### The task
Below are the records; retype them exactly and omit each picture.

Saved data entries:
------------------------------------------------------------

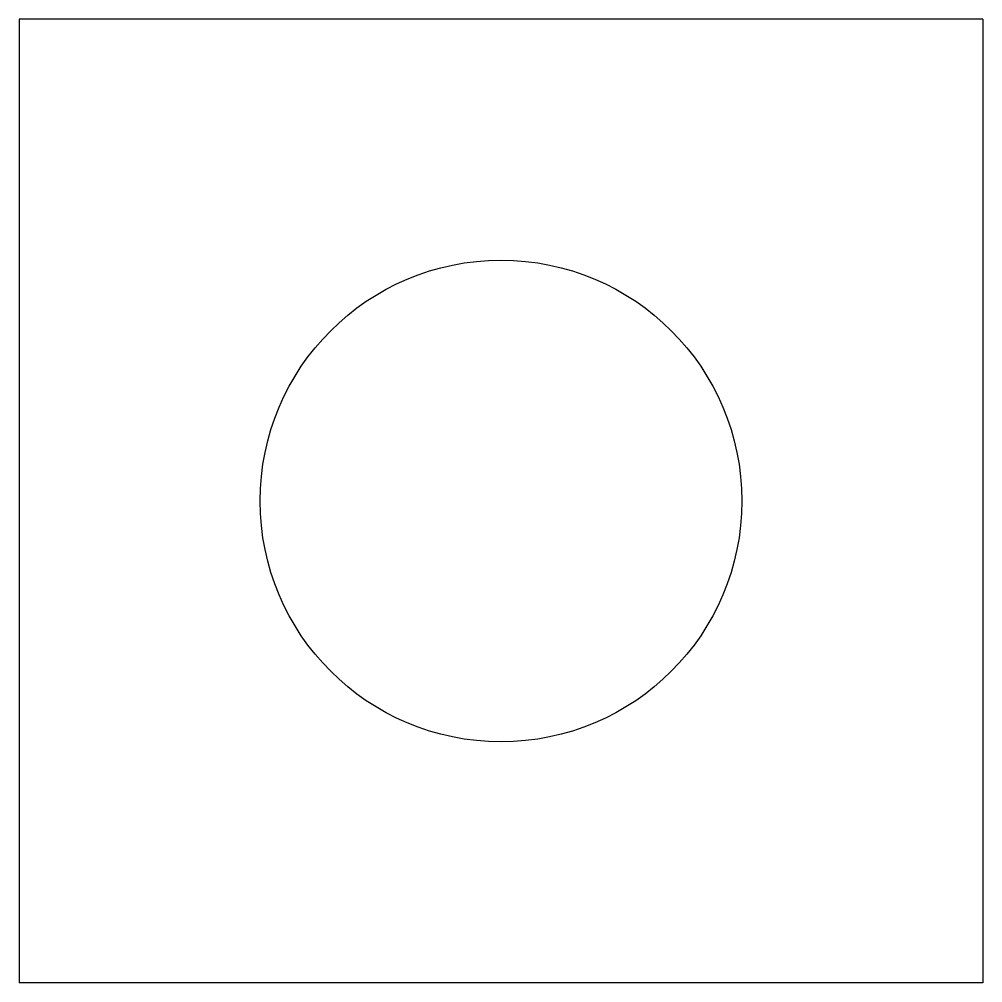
# Model space of a CAD drawing. Extents: x -5 to 5, y -5 to 5.
import ezdxf

# ---------------------------------------------------------------- set-up
doc = ezdxf.new("R2010")
doc.units = 0
doc.layers.add('MODELSKETCH_VISIBLE', color=7, linetype='CONTINUOUS')

msp = doc.modelspace()

# ---------------------------------------------------------------- linework, layer by layer
at = {"layer": 'MODELSKETCH_VISIBLE'}
for p, q in [((5, 5), (-5, 5)), ((-5, 5), (-5, -5)), ((5, 5), (5, -5)), ((5, -5), (-5, -5))]:
    msp.add_line(p, q, dxfattribs=at)
msp.add_circle((0, 0), 2.5, dxfattribs=at)

doc.saveas('drawing.dxf')

------------------------------------------------------------

### Task answer
# Model space of a CAD drawing. Extents: x -5 to 5, y -5 to 5.
import ezdxf

# ---------------------------------------------------------------- set-up
doc = ezdxf.new("R2010")
doc.units = 0
doc.layers.add('MODELSKETCH_VISIBLE', color=7, linetype='CONTINUOUS')

msp = doc.modelspace()

# ---------------------------------------------------------------- linework, layer by layer
at = {"layer": 'MODELSKETCH_VISIBLE'}
for p, q in [((5, 5), (-5, 5)), ((-5, 5), (-5, -5)), ((5, 5), (5, -5)), ((5, -5), (-5, -5))]:
    msp.add_line(p, q, dxfattribs=at)
msp.add_circle((0, 0), 2.5, dxfattribs=at)

doc.saveas('drawing.dxf')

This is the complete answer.